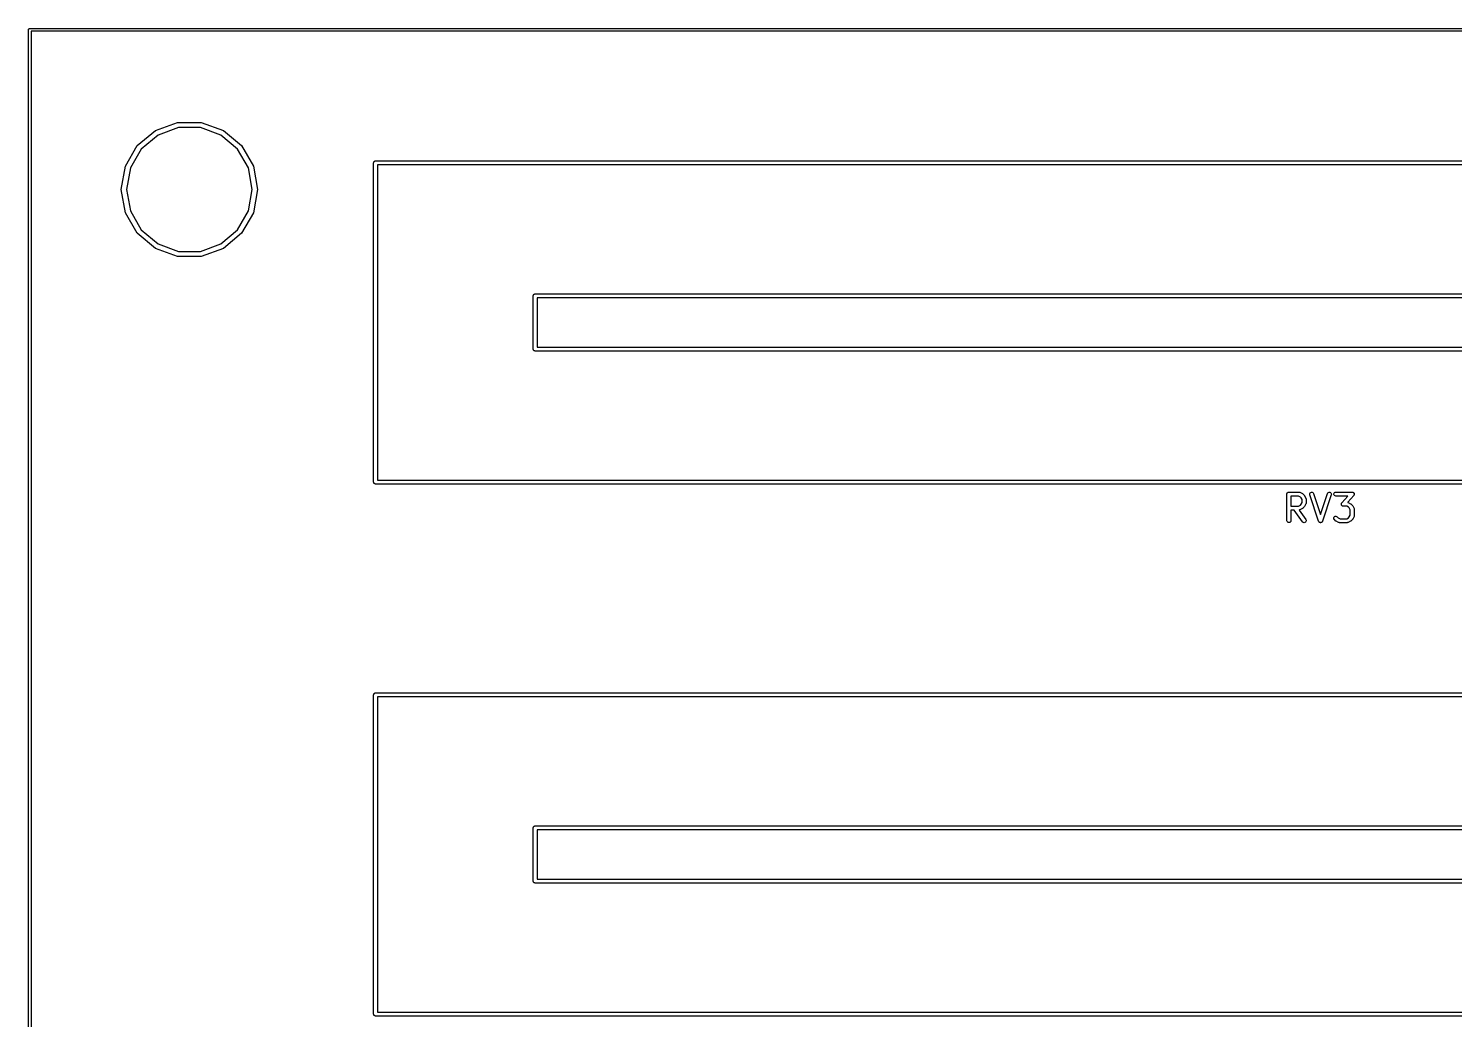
# Model space of a CAD drawing. Extents: x 21 to 201, y -164 to -39.
# Drawn here: x 20.9 to 74.6, y -76.2 to -39 of the extents above; entities that cross this region are included whole.
import ezdxf

# ---------------------------------------------------------------- set-up
doc = ezdxf.new("R2010")
doc.units = 0
doc.header["$MEASUREMENT"] = 0
doc.layers.add('BLACK', color=7, linetype='CONTINUOUS')

msp = doc.modelspace()

# ---------------------------------------------------------------- linework, layer by layer
at = {"layer": 'Black'}
for p, q in [((20.95, -39), (20.9508, -38.9957)), ((20.95, -164), (20.95, -39)), ((20.9508, -38.9913), (20.9523, -38.9872)), ((20.9508, -38.9957), (20.9508, -38.9913)), ((20.9523, -38.9872), (20.953, -38.9829)), ((20.953, -38.9829), (20.9552, -38.9791)), ((20.9552, -38.9791), (20.9567, -38.975)), ((20.9567, -38.975), (20.9595, -38.9716)), ((20.9595, -38.9716), (20.9617, -38.9679)), ((20.9617, -38.9679), (20.965, -38.965)), ((20.965, -38.965), (20.9679, -38.9617)), ((20.9679, -38.9617), (20.9716, -38.9595)), ((20.9716, -38.9595), (20.975, -38.9567)), ((20.975, -38.9567), (20.9791, -38.9552)), ((20.9791, -38.9552), (20.9829, -38.953)), ((20.9829, -38.953), (20.9872, -38.9523)), ((20.9872, -38.9523), (20.9913, -38.9508)), ((20.9913, -38.9508), (20.9957, -38.9508)), ((20.9957, -38.9508), (21, -38.95)), ((21, -38.95), (201, -38.95)), ((21.05, -39.05), (21.05, -163.95)), ((200.95, -39.05), (21.05, -39.05)), ((25.0372, -43.353), (25.7189, -42.7811)), ((25.7189, -42.7811), (26.5551, -42.4767)), ((26.5898, -42.6737), (25.8189, -42.9543)), ((26.5551, -42.4767), (27.4449, -42.4767)), ((27.4102, -42.6737), (26.5898, -42.6737)), ((28.1811, -42.9543), (27.4102, -42.6737)), ((27.4449, -42.4767), (28.2811, -42.7811)), ((28.2811, -42.7811), (28.9628, -43.353)), ((24.5923, -44.1237), (25.0372, -43.353)), ((25.8189, -42.9543), (25.1904, -43.4816)), ((28.8096, -43.4816), (28.1811, -42.9543)), ((28.9628, -43.353), (29.4077, -44.1237)), ((25.1904, -43.4816), (24.7802, -44.1921)), ((29.2198, -44.1921), (28.8096, -43.4816)), ((33.935, -43.9625), (33.9393, -43.9575)), ((33.9393, -43.9575), (33.9425, -43.9518)), ((33.9425, -43.9518), (33.9476, -43.9476)), ((33.9476, -43.9476), (33.9518, -43.9425)), ((33.9518, -43.9425), (33.9575, -43.9393)), ((33.9575, -43.9393), (33.9625, -43.935)), ((33.9625, -43.935), (33.9687, -43.9328)), ((33.9687, -43.9328), (33.9743, -43.9295)), ((33.9743, -43.9295), (33.9808, -43.9284)), ((33.9808, -43.9284), (33.987, -43.9261)), ((33.987, -43.9261), (33.9935, -43.9261)), ((33.9935, -43.9261), (34, -43.925)), ((34, -43.925), (96, -43.925)), ((24.4378, -45), (24.5923, -44.1237)), ((24.7802, -44.1921), (24.6378, -45)), ((29.3622, -45), (29.2198, -44.1921)), ((29.4077, -44.1237), (29.5622, -45)), ((33.925, -44), (33.9261, -43.9935)), ((33.925, -56), (33.925, -44)), ((33.9261, -43.987), (33.9284, -43.9808)), ((33.9261, -43.9935), (33.9261, -43.987)), ((33.9284, -43.9808), (33.9295, -43.9743)), ((33.9295, -43.9743), (33.9328, -43.9687)), ((33.9328, -43.9687), (33.935, -43.9625)), ((95.925, -44.075), (34.075, -44.075)), ((34.075, -44.075), (34.075, -55.925)), ((24.5923, -45.8763), (24.4378, -45)), ((24.6378, -45), (24.7802, -45.8079)), ((29.2198, -45.8079), (29.3622, -45)), ((29.5622, -45), (29.4077, -45.8763)), ((25.0372, -46.647), (24.5923, -45.8763)), ((24.7802, -45.8079), (25.1904, -46.5184)), ((28.8096, -46.5184), (29.2198, -45.8079)), ((29.4077, -45.8763), (28.9628, -46.647)), ((25.1904, -46.5184), (25.8189, -47.0457)), ((28.1811, -47.0457), (28.8096, -46.5184)), ((25.7189, -47.2189), (25.0372, -46.647)), ((25.8189, -47.0457), (26.5898, -47.3263)), ((27.4102, -47.3263), (28.1811, -47.0457)), ((28.9628, -46.647), (28.2811, -47.2189)), ((26.5551, -47.5233), (25.7189, -47.2189)), ((27.4449, -47.5233), (26.5551, -47.5233)), ((26.5898, -47.3263), (27.4102, -47.3263)), ((28.2811, -47.2189), (27.4449, -47.5233)), ((39.925, -49), (39.9261, -48.9935)), ((39.925, -51), (39.925, -49)), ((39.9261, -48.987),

########################################

What the exercise asks:
Output the data exactly. Leave every picture out.

Exercise solution:
# Model space of a CAD drawing. Extents: x 21 to 201, y -164 to -39.
# Drawn here: x 20.9 to 74.6, y -76.2 to -39 of the extents above; entities that cross this region are included whole.
import ezdxf

# ---------------------------------------------------------------- set-up
doc = ezdxf.new("R2010")
doc.units = 0
doc.header["$MEASUREMENT"] = 0
doc.layers.add('BLACK', color=7, linetype='CONTINUOUS')

msp = doc.modelspace()

# ---------------------------------------------------------------- linework, layer by layer
at = {"layer": 'Black'}
for p, q in [((20.95, -39), (20.9508, -38.9957)), ((20.95, -164), (20.95, -39)), ((20.9508, -38.9913), (20.9523, -38.9872)), ((20.9508, -38.9957), (20.9508, -38.9913)), ((20.9523, -38.9872), (20.953, -38.9829)), ((20.953, -38.9829), (20.9552, -38.9791)), ((20.9552, -38.9791), (20.9567, -38.975)), ((20.9567, -38.975), (20.9595, -38.9716)), ((20.9595, -38.9716), (20.9617, -38.9679)), ((20.9617, -38.9679), (20.965, -38.965)), ((20.965, -38.965), (20.9679, -38.9617)), ((20.9679, -38.9617), (20.9716, -38.9595)), ((20.9716, -38.9595), (20.975, -38.9567)), ((20.975, -38.9567), (20.9791, -38.9552)), ((20.9791, -38.9552), (20.9829, -38.953)), ((20.9829, -38.953), (20.9872, -38.9523)), ((20.9872, -38.9523), (20.9913, -38.9508)), ((20.9913, -38.9508), (20.9957, -38.9508)), ((20.9957, -38.9508), (21, -38.95)), ((21, -38.95), (201, -38.95)), ((21.05, -39.05), (21.05, -163.95)), ((200.95, -39.05), (21.05, -39.05)), ((25.0372, -43.353), (25.7189, -42.7811)), ((25.7189, -42.7811), (26.5551, -42.4767)), ((26.5898, -42.6737), (25.8189, -42.9543)), ((26.5551, -42.4767), (27.4449, -42.4767)), ((27.4102, -42.6737), (26.5898, -42.6737)), ((28.1811, -42.9543), (27.4102, -42.6737)), ((27.4449, -42.4767), (28.2811, -42.7811)), ((28.2811, -42.7811), (28.9628, -43.353)), ((24.5923, -44.1237), (25.0372, -43.353)), ((25.8189, -42.9543), (25.1904, -43.4816)), ((28.8096, -43.4816), (28.1811, -42.9543)), ((28.9628, -43.353), (29.4077, -44.1237)), ((25.1904, -43.4816), (24.7802, -44.1921)), ((29.2198, -44.1921), (28.8096, -43.4816)), ((33.935, -43.9625), (33.9393, -43.9575)), ((33.9393, -43.9575), (33.9425, -43.9518)), ((33.9425, -43.9518), (33.9476, -43.9476)), ((33.9476, -43.9476), (33.9518, -43.9425)), ((33.9518, -43.9425), (33.9575, -43.9393)), ((33.9575, -43.9393), (33.9625, -43.935)), ((33.9625, -43.935), (33.9687, -43.9328)), ((33.9687, -43.9328), (33.9743, -43.9295)), ((33.9743, -43.9295), (33.9808, -43.9284)), ((33.9808, -43.9284), (33.987, -43.9261)), ((33.987, -43.9261), (33.9935, -43.9261)), ((33.9935, -43.9261), (34, -43.925)), ((34, -43.925), (96, -43.925)), ((24.4378, -45), (24.5923, -44.1237)), ((24.7802, -44.1921), (24.6378, -45)), ((29.3622, -45), (29.2198, -44.1921)), ((29.4077, -44.1237), (29.5622, -45)), ((33.925, -44), (33.9261, -43.9935)), ((33.925, -56), (33.925, -44)), ((33.9261, -43.987), (33.9284, -43.9808)), ((33.9261, -43.9935), (33.9261, -43.987)), ((33.9284, -43.9808), (33.9295, -43.9743)), ((33.9295, -43.9743), (33.9328, -43.9687)), ((33.9328, -43.9687), (33.935, -43.9625)), ((95.925, -44.075), (34.075, -44.075)), ((34.075, -44.075), (34.075, -55.925)), ((24.5923, -45.8763), (24.4378, -45)), ((24.6378, -45), (24.7802, -45.8079)), ((29.2198, -45.8079), (29.3622, -45)), ((29.5622, -45), (29.4077, -45.8763)), ((25.0372, -46.647), (24.5923, -45.8763)), ((24.7802, -45.8079), (25.1904, -46.5184)), ((28.8096, -46.5184), (29.2198, -45.8079)), ((29.4077, -45.8763), (28.9628, -46.647)), ((25.1904, -46.5184), (25.8189, -47.0457)), ((28.1811, -47.0457), (28.8096, -46.5184)), ((25.7189, -47.2189), (25.0372, -46.647)), ((25.8189, -47.0457), (26.5898, -47.3263)), ((27.4102, -47.3263), (28.1811, -47.0457)), ((28.9628, -46.647), (28.2811, -47.2189)), ((26.5551, -47.5233), (25.7189, -47.2189)), ((27.4449, -47.5233), (26.5551, -47.5233)), ((26.5898, -47.3263), (27.4102, -47.3263)), ((28.2811, -47.2189), (27.4449, -47.5233)), ((39.925, -49), (39.9261, -48.9935)), ((39.925, -51), (39.925, -49)), ((39.9261, -48.987),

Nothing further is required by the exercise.